Ambrose Rhapsody Murray’s debut solo exhibition in New York at Fridman gallery, Within listening distance of the sea…, is about spiritual connection. Walking through this show is an otherworldly journey starting with “Fairy in a bottle” (2021), a 130-inch-high, vessel-shaped fabric collage that seems like a blue-and-white-tinged talisman that holds ancestral accounts and forgotten memories.

The show retells these bygone narratives with textiles and sequins. These pieces visually represent stories Black femmes hold in our bodies, those whispered tales of collective traditions and personal relationships. Many of the works are sourced from archival photographs of nude Black women and girls taken in the early 1900s, often traded as pornographic postcards. I’ve seen iterations of the pose before — in Ingres’ Grande Odalisque, Giorgione’s Sleeping Venus, and just about every female nude in the Metropolitan Museum of Art.

But Murray challenges these depictions. The artist protects the figures beneath layers of paint and fabric to create new tales about them in an exercise of “critical fabulation,” a process through which Murray captures the essence of the women as spirits who aren’t defined by the male gaze while still acknowledging the impact of colonialism.

As Saidiya Hartman — the scholar who coined the term “critical fabulation” — wrote in “Venus in Two Acts”: “The loss of stories sharpens the hunger for them. So, it is tempting to fill in the gaps and to provide closure where there is none.”

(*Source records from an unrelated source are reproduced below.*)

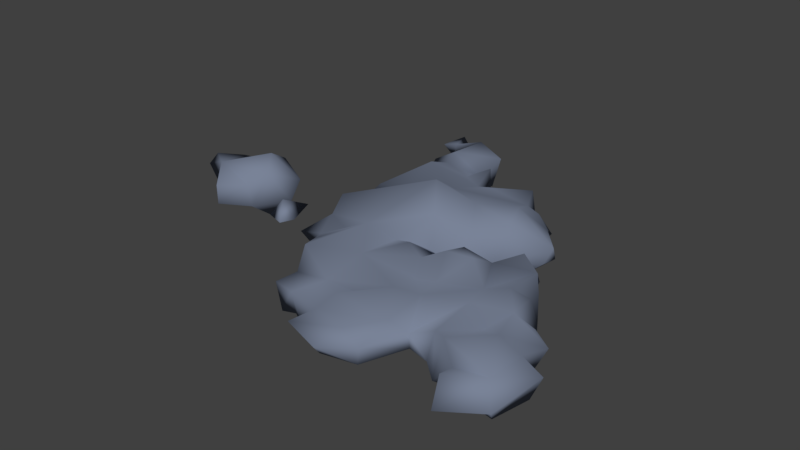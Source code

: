 # Source: Cloud_2.blend  (saved by Blender 2.79.0; exported with 4.5.12 LTS)
import bpy
from mathutils import Matrix  # noqa: F401  (used for matrix-valued properties, if any)

bpy.ops.wm.read_factory_settings(use_empty=True)
scene = bpy.context.scene
scene.name = 'Scene'

# ---- collections
col_collection_1 = bpy.data.collections.new('Collection 1'); scene.collection.children.link(col_collection_1)

# ---- materials (node trees are filled in below, after node groups)
mat_cloudgray = bpy.data.materials.new('CloudGray')
mat_cloudgray.alpha_threshold = 0.0
mat_cloudgray.use_transparent_shadow = False
mat_cloudgray.diffuse_color = (0.1924, 0.2268, 0.3106, 1.0)
mat_cloudgray.roughness = 0.5

# ---- material node trees

# ---- world
world_world = bpy.data.worlds.new('World'); scene.world = world_world
world_world.color = (0.05088, 0.05088, 0.05088)
world_world.use_sun_shadow = False
world_world.sun_shadow_jitter_overblur = 0.0
world_world.cycles.sampling_method = 'MANUAL'

# ---- meshes
me_mesh_001 = bpy.data.meshes.new('Mesh.001')
me_mesh_001.from_pydata([(5.671, 5.306, 0.9458), (6.479, 4.872, 0.5033), (4.072, 4.829, -1.119), (5.462, 4.877, -1.088), (5.614, 3.359, -1.909), (5.89, 1.777, -0.2557), (5.958, 6.173, -0.4012), (7.607, 3.685, 0.398), (7.293, 4.411, -0.596), (7.361, 3.268, -0.3618), (5.4, 3.945, 1.732), (5.776, 2.683, 1.529), (4.568, 6.02, 0.7652), (4.048, 7.215, 1.002), (1.795, 2.199, 2.734), (3.702, 2.81, 1.84), (2.951, 0.6141, 1.874), (3.071, -1.377, 1.263), (2.262, -3.683, 1.372), (0.002853, -5.54, 0.4121), (-0.1458, -4.474, -1.413), (0.3412, -1.042, -1.333), (1.014, 3.816, -1.614), (2.092, 4.319, -1.503), (3.977, 7.417, -0.8694), (2.637, 5.539, 1.331), (1.865, -0.9079, 0.7633), (0.3193, -1.182, 1.247), (-0.3522, 2.684, 1.422), (0.3715, 6.611, 0.9233), (0.7281, 8.217, 0.9021), (-0.1184, 8.737, -0.01725), (-0.1852, 9.767, -0.9516), (0.1788, 9.956, 0.7276), (-1.386, 7.314, 0.958), (-1.788, 8.364, 1.118), (-2.626, 9.377, 0.2782), (-1.395, 9.189, -0.9392), (-2.699, 8.392, -0.8526), (0.8454, 8.193, -0.7948), (1.074, 6.568, -0.6141), (-0.3027, 5.321, -1.731), (-0.6695, 8.07, -0.3374), (-0.7805, -1.382, -0.5754), (-1.63, -2.378, -0.5367), (-1.016, -3.35, 0.8623), (-1.662, -2.274, 0.4598), (-0.711, -1.411, 0.58), (-2.617, 0.3523, 1.304), (-2.702, 3.283, 0.7765), (-2.782, 5.14, 0.5756), (-2.48, 7.13, 0.3343), (-1.728, 7.327, -1.035), (-2.977, 5.43, -0.3775), (-2.399, 1.879, -0.8234), (-3.286, 2.849, -0.2378), (-3.276, 0.407, -0.1508), (-2.408, 1.858, 0.6517), (-2.435, 0.4974, -1.417), (-2.291, -0.7703, -0.7433), (-3.225, -2.038, -0.005775), (-1.268, -3.779, -0.02511), (-0.1557, 0.5979, -1.885), (-1.433, 4.637, -1.576), (-2.985, 8.27, 0.424), (-0.8118, 5.124, 1.94), (-0.2525, -4.722, 1.378), (-0.1002, -5.513, -0.4402), (-2.293, -0.7581, 0.7364), (-0.3147, 2.768, -1.385), (1.357, 6.954, -0.007777), (-2.363, 10.8, -1.003), (-2.885, 11.34, 0.08914), (-1.84, 10.9, 0.8618), (-1.261, 10.8, -0.4328), (-3.189, 10.49, 0.5049), (-3.239, 10.6, -0.4523), (-4.048, 10.43, 0.2869), (-4.313, 11.41, -0.6544), (-3.742, 11.93, 0.3467), (1.072, 6.639, 0.5459), (1.401, 4.066, 1.488), (4.797, 6.568, -0.5063), (2.235, 1.507, -2.575), (3.33, 0.3639, -1.253), (3.081, -0.1671, -0.7014), (4.119, -1.941, -1.318), (4.532, -4.332, -0.9619), (4.278, -0.5531, 0.5417), (5.477, -0.4614, 1.449), (5.534, -1.892, 1.874), (6.154, -4.418, 1.057), (6.097, -3.247, 1.105), (7.808, -2.093, 0.8858), (6.787, -1.564, 1.799), (6.687, 0.02711, 0.8627), (6.469, 1.77, -0.007786), (7.561, 1.267, 1.118), (8.468, 1.027, 0.5346), (9.236, -0.0223, 0.2549), (8.579, 0.3198, -0.5867), (8.108, 1.826, -0.403), (7.432, 1.024, -1.125), (6.637, 0.06577, -0.8591), (6.834, -1.392, -1.731), (6.257, -3.803, -1.03), (5.645, -6.065, -1.13), (4.688, -2.966, -0.6823), (5.838, -2.429, -1.76), (5.416, -0.7613, -1.682), (5.803, 0.4204, -0.06773), (3.712, -5.416, -0.5659), (5.866, -8.085, -0.706), (6.14, -8.309, 0.2876), (4.367, -9.101, 0.02164), (4.185, -8.55, -0.626), (2.584, -8.737, 0.3786), (2.578, -7.837, -0.4813), (3.266, -6.596, -0.6686), (0.3599, -6.922, -0.8461), (-0.1414, -6.746, 0.3959), (1.252, -7.191, 0.5905), (2.088, -5.825, 0.8648), (1.443, -7.129, -0.4665), (6.986, -6.224, 0.3214), (8.144, -5.932, 0.8077), (8.267, -3.842, 1.2), (9.105, -2.064, 1.416), (10.08, -1.337, -0.3169), (9.978, -1.839, 1.107), (10.76, -2.446, -0.1145), (11.02, -2.999, 0.6), (11.02, -3.0, 0.6009), (11.61, -4.798, 0.4943), (11.93, -3.38, 0.254), (11.02, -3.0, 0.6), (11.38, -3.996, -1.168), (10.21, -4.299, -0.9458), (9.275, -4.277, -0.4726), (7.782, -2.17, -0.8644), (8.603, -3.491, -1.171), (9.516, -2.101, -1.43), (8.234, -6.562, -0.3157), (9.012, -6.499, 1.153), (10.46, -4.821, 1.018), (9.28, -4.24, 0.4778), (10.06, -3.137, 1.069), (9.01, -7.193, -0.5621), (8.164, -5.891, -0.8537), (10.7, -6.392, -0.8855), (12.52, -5.54, -0.7679), (11.65, -4.767, -0.4656), (13.0, -5.404, 0.4165), (9.969, -7.16, 0.4692), (12.26, -7.78, -0.3117), (11.98, -7.278, -0.9578), (9.755, -7.354, -0.3465), (10.44, -9.081, -0.2728), (10.13, -8.202, 0.812), (11.83, -7.31, 0.9162), (7.043, -6.189, -0.3886), (6.337, -6.681, 0.9443), (2.943, -7.401, 0.518), (3.774, -5.386, 0.553), (4.778, -2.999, 0.6796), (4.336, -2.123, 1.216), (3.272, -0.1397, 0.4048), (4.171, -0.856, -0.7568), (4.504, 1.267, 1.008), (3.627, 2.739, -1.867), (4.889, -4.613, 1.03), (3.004, -6.278, 0.7818), (2.154, -2.085, -1.314), (1.808, -1.007, -0.7575), (1.713, 2.586, -2.587), (5.144, -8.166, 0.8276), (-4.486, -1.223, -0.1091), (-4.629, -2.086, 0.00014), (-6.163, -1.269, -0.3578), (-5.383, -1.084, 0.6791), (-5.014, 0.3401, -0.002883), (-8.022, 0.6228, -1.725), (-6.933, 1.738, 0.3289), (-8.426, 2.152, 1.006), (-8.345, 1.081, 1.665), (-7.453, -0.09836, 1.125), (-8.514, 2.421, -0.6439), (-9.716, 1.441, -0.9216), (-8.128, -0.6967, -0.725), (-10.65, -0.3889, 1.024), (-10.92, 1.532, 0.6989), (-9.628, 1.733, 0.7244), (-12.09, 0.6244, 0.7856), (-10.84, 1.936, -0.3705), (-12.12, 0.6632, -0.7658), (-12.63, 0.4503, 0.07407), (-10.96, -0.1803, -0.8432), (-9.357, -1.921, -0.4859), (-8.304, -0.807, 0.5367), (-9.477, -1.847, 0.5128), (-6.815, 0.8848, -0.5881)], [], [(0, 1, 6), (3, 4, 2), (84, 4, 85), (8, 3, 1), (9, 5, 4), (7, 5, 9), (7, 11, 5), (7, 10, 11), (5, 11, 168), (10, 15, 11), (10, 0, 12), (16, 26, 166), (24, 70, 13), (14, 27, 16), (74, 33, 32), (37, 42, 52), (39, 42, 31), (30, 70, 39), (70, 40, 39), (40, 41, 42), (43, 44, 59), (27, 48, 68), (50, 49, 65), (41, 52, 42), (41, 63, 52), (50, 53, 55), (55, 53, 54), (55, 54, 57), (56, 48, 57), (28, 57, 48), (56, 54, 58), (59, 44, 60), (62, 59, 58), (54, 62, 58), (56, 59, 68), (146, 132, 131, 130), (53, 52, 63), (64, 38, 51), (65, 51, 50), (49, 28, 65), (27, 47, 46), (61, 67, 66), (20, 67, 61), (44, 20, 61), (66, 45, 61), (27, 66, 18), (46, 68, 60), (21, 43, 62), (62, 43, 59), (69, 22, 174), (40, 22, 41), (69, 62, 54), (23, 22, 40), (32, 42, 37), (72, 79, 75), (75, 77, 76), (78, 76, 77), (76, 37, 36), (64, 36, 38), (30, 31, 29), (33, 35, 31), (30, 29, 80), (80, 29, 65), (81, 25, 80), (65, 81, 80), (24, 40, 70), (23, 169, 174), (173, 85, 172), (107, 87, 86), (88, 110, 167), (164, 90, 165), (164, 170, 91), (91, 93, 92), (94, 95, 89), (94, 89, 90), (102, 103, 96), (101, 96, 97), (98, 99, 100), (103, 139, 104), (104, 139, 108), (108, 139, 105), (105, 106, 87), (108, 105, 107), (109, 167, 110), (113, 175, 114), (115, 112, 114), (121, 123, 117), (124, 113, 160), (126, 93, 91), (129, 128, 127), (129, 127, 146), (128, 129, 130), (141, 130, 137), (134, 146, 144), (134, 144, 133), (134, 136, 130), (138, 137, 148), (140, 148, 105), (105, 148, 160), (125, 142, 147), (144, 145, 143), (145, 126, 125), (148, 149, 147), (151, 150, 155), (152, 151, 133), (158, 159, 153), (149, 155, 156), (157, 154, 159), (156, 157, 158), (159, 144, 143), (157, 159, 158), (151, 152, 150), (149, 156, 147), (100, 128, 141), (135, 131, 132), (130, 129, 146), (127, 126, 146), (128, 99, 127), (91, 161, 124), (91, 170, 161), (161, 171, 162), (170, 163, 171), (164, 165, 18), (165, 17, 18), (166, 88, 167), (169, 84, 83), (5, 166, 85), (85, 166, 167), (166, 17, 88), (18, 122, 170), (124, 160, 142), (102, 100, 103), (96, 103, 110), (95, 96, 110), (95, 110, 89), (98, 95, 93), (93, 95, 94), (92, 90, 164), (167, 109, 86), (85, 173, 84), (84, 173, 21), (21, 172, 20), (167, 86, 172), (169, 83, 174), (23, 174, 22), (118, 123, 20), (121, 19, 120), (122, 66, 19), (166, 26, 17), (168, 16, 166), (3, 8, 4), (8, 9, 4), (4, 84, 169), (82, 6, 3), (13, 82, 24), (0, 6, 12), (3, 6, 1), (82, 13, 12), (80, 13, 70), (40, 24, 23), (14, 81, 28), (0, 10, 1), (12, 6, 82), (15, 14, 16), (65, 34, 51), (97, 98, 101), (168, 166, 5), (17, 26, 18), (69, 174, 62), (140, 138, 148), (143, 125, 147), (152, 159, 154), (156, 154, 157), (153, 156, 158), (147, 142, 148), (142, 125, 124), (105, 160, 106), (163, 170, 122), (113, 124, 161), (161, 170, 171), (106, 115, 118), (106, 160, 112), (113, 161, 175), (106, 112, 115), (114, 175, 116), (123, 119, 67), (171, 122, 121), (162, 171, 121), (115, 116, 117), (32, 31, 42), (37, 52, 38), (79, 72, 78), (78, 72, 76), (79, 77, 75), (79, 78, 77), (74, 71, 72), (72, 71, 76), (51, 35, 64), (52, 51, 38), (50, 55, 49), (63, 69, 54), (63, 54, 53), (57, 49, 55), (48, 56, 68), (27, 46, 45), (43, 20, 44), (45, 46, 61), (46, 44, 61), (176, 180, 179), (180, 176, 178), (176, 177, 178), (180, 178, 179), (200, 188, 181), (182, 186, 183), (184, 189, 185), (191, 183, 186), (191, 186, 187), (193, 194, 195), (196, 195, 194), (198, 197, 188), (200, 181, 186), (200, 186, 182), (198, 188, 185), (184, 183, 191), (200, 182, 185), (184, 185, 182), (183, 184, 182), (191, 193, 190), (186, 181, 187), (181, 188, 196), (189, 191, 190), (189, 199, 198), (187, 196, 193), (192, 195, 189), (82, 3, 2), (5, 85, 4), (9, 8, 7), (12, 25, 81), (15, 81, 14), (81, 65, 28), (32, 33, 31), (73, 33, 74), (34, 35, 51), (37, 38, 36), (30, 39, 31), (47, 27, 68), (50, 51, 53), (51, 52, 53), (57, 54, 56), (46, 60, 44), (58, 59, 56), (45, 66, 27), (19, 66, 67), (18, 26, 27), (21, 20, 43), (41, 22, 63), (42, 39, 40), (72, 73, 74), (74, 32, 37), (36, 75, 76), (36, 73, 75), (75, 73, 72), (37, 76, 71), (36, 35, 73), (65, 29, 34), (16, 27, 26), (24, 82, 2), (24, 2, 23), (2, 4, 169), (23, 2, 169), (86, 87, 20), (89, 110, 88), (94, 90, 92), (101, 100, 102), (96, 101, 102), (104, 109, 103), (108, 86, 109), (108, 107, 86), (110, 103, 109), (107, 105, 87), (111, 106, 118), (114, 116, 115), (123, 118, 117), (121, 120, 119), (162, 121, 117), (162, 117, 116), (113, 112, 160), (127, 93, 126), (127, 98, 93), (127, 99, 98), (128, 130, 141), (155, 150, 152, 154), (137, 151, 149), (100, 141, 139), (140, 105, 139), (148, 142, 160), (145, 146, 126), (144, 146, 145), (149, 151, 155), (134, 133, 151), (136, 134, 151), (152, 133, 159), (156, 155, 154), (159, 143, 153), (146, 134, 135, 132), (153, 147, 156), (141, 137, 140), (139, 141, 140), (130, 131, 135, 134), (19, 67, 119, 120), (130, 136, 137), (100, 99, 128), (15, 16, 168), (165, 89, 88), (18, 170, 164), (101, 98, 100), (97, 96, 95), (98, 97, 95), (89, 165, 90), (86, 20, 172), (83, 84, 21), (174, 83, 62), (18, 66, 122), (11, 15, 168), (1, 10, 7), (12, 13, 25), (10, 12, 15), (13, 80, 25), (1, 7, 8), (12, 81, 15), (29, 31, 34), (70, 30, 80), (165, 88, 17), (167, 172, 85), (27, 14, 48), (62, 83, 21), (100, 139, 103), (140, 137, 138), (93, 94, 92), (109, 104, 108), (136, 151, 137), (148, 137, 149), (143, 145, 125), (159, 133, 144), (153, 143, 147), (126, 91, 124), (125, 126, 124), (91, 92, 164), (21, 173, 172), (111, 87, 106), (87, 111, 118), (113, 114, 112), (161, 162, 175), (116, 175, 162), (87, 118, 20), (171, 163, 122), (118, 115, 117), (122, 19, 121), (67, 20, 123), (123, 121, 119), (197, 199, 189, 196), (71, 74, 37), (33, 73, 35), (34, 31, 35), (35, 36, 64), (57, 28, 49), (63, 22, 69), (48, 14, 28), (47, 68, 46), (68, 59, 60), (177, 179, 178), (176, 179, 177), (185, 188, 200), (198, 185, 189), (187, 181, 196), (184, 191, 189), (190, 195, 192), (195, 190, 193), (189, 195, 196), (198, 199, 197), (193, 191, 187), (188, 197, 196), (192, 189, 190), (194, 193, 196)])
me_mesh_001.polygons.foreach_set('use_smooth', [True] * 384)
me_mesh_001.materials.append(mat_cloudgray)
me_mesh_001.use_remesh_preserve_volume = False
me_mesh_001.use_remesh_preserve_attributes = False
me_mesh_001.use_mirror_vertex_groups = False
me_mesh_001.update()

# ---- objects
ob_mball_067 = bpy.data.objects.new('Mball.067', None)
ob_mball_066 = bpy.data.objects.new('Mball.066', None)
ob_mball_065 = bpy.data.objects.new('Mball.065', None)
ob_mball_064 = bpy.data.objects.new('Mball.064', None)
ob_mball_063 = bpy.data.objects.new('Mball.063', None)
ob_mball_062 = bpy.data.objects.new('Mball.062', None)
ob_mball_061 = bpy.data.objects.new('Mball.061', None)
ob_mball_060 = bpy.data.objects.new('Mball.060', None)
ob_mball_059 = bpy.data.objects.new('Mball.059', None)
ob_mball_058 = bpy.data.objects.new('Mball.058', None)
ob_mball_057 = bpy.data.objects.new('Mball.057', None)
ob_mball_056 = bpy.data.objects.new('Mball.056', None)
ob_mball_055 = bpy.data.objects.new('Mball.055', None)
ob_mball_054 = bpy.data.objects.new('Mball.054', None)
ob_mball_053 = bpy.data.objects.new('Mball.053', None)
ob_mball_052 = bpy.data.objects.new('Mball.052', None)
ob_mball_051 = bpy.data.objects.new('Mball.051', None)
ob_mball_050 = bpy.data.objects.new('Mball.050', None)
ob_mball_049 = bpy.data.objects.new('Mball.049', None)
ob_mball_048 = bpy.data.objects.new('Mball.048', None)
ob_mball_047 = bpy.data.objects.new('Mball.047', None)
ob_mball_046 = bpy.data.objects.new('Mball.046', None)
ob_mball_045 = bpy.data.objects.new('Mball.045', None)
ob_mball_044 = bpy.data.objects.new('Mball.044', None)
ob_mball_043 = bpy.data.objects.new('Mball.043', None)
ob_mball_042 = bpy.data.objects.new('Mball.042', None)
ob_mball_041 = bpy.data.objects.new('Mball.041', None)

“Red Universe”(2021) does just this. It shows a woman lying on her side. She unabashedly looks at us. Her lips are pressed into a fine line, and she is flanked by strange vessels brimming with the heads of Black women. This piece has a hypnotic effect. The composition is round, which makes me feel like I’m being sucked into a vortex that converges with this woman’s womb. Other works in the show — like the exhibition’s titular work — employ similar formal choices, but “Red Universe” feels the most resolved because all its distinct elements work together to pull me into its galactic grip.

Ambrose Rhapsody Murray, “Red Universe,” (2021) vintage kantha quilts, digital print on fabric, velvet, sequins, and various textiles, 69 x 105 inches

When I free myself from the work’s event horizon, I descend into an immersive video installation made in collaboration with the Atlanta-based filmmaker Logan Lynette, dancer Heather Lee, and organizers affiliated with the collective Spirit House Inc. It is a beautiful exploration of spirituality and quotidian rituals like cooking food, preparing spiritual baths, and reciting prayers — all punctuated by sounds of water, murmured conversations, and instruments that wash over me like a cleansing bath. To leave I ascend to the main gallery and walk pass those fabric pieces again, but after viewing the video they seem sharper somehow, like seeing them after leaving Plato’s cave.  

“Rituals we do every day, like making food, can be a moment of conjure or prayer,” Murray says. “Putting prayer into your food, putting prayer into your water helps your body. That’s a part of making the food sustaining for you. It’s also coming from a place of gratitude [because] … everything is connected to spirit.”

Within Listening Distance of the Sea… continues at Fridman Gallery (169 Bowery, Lower East Side, Manhattan) through December 19.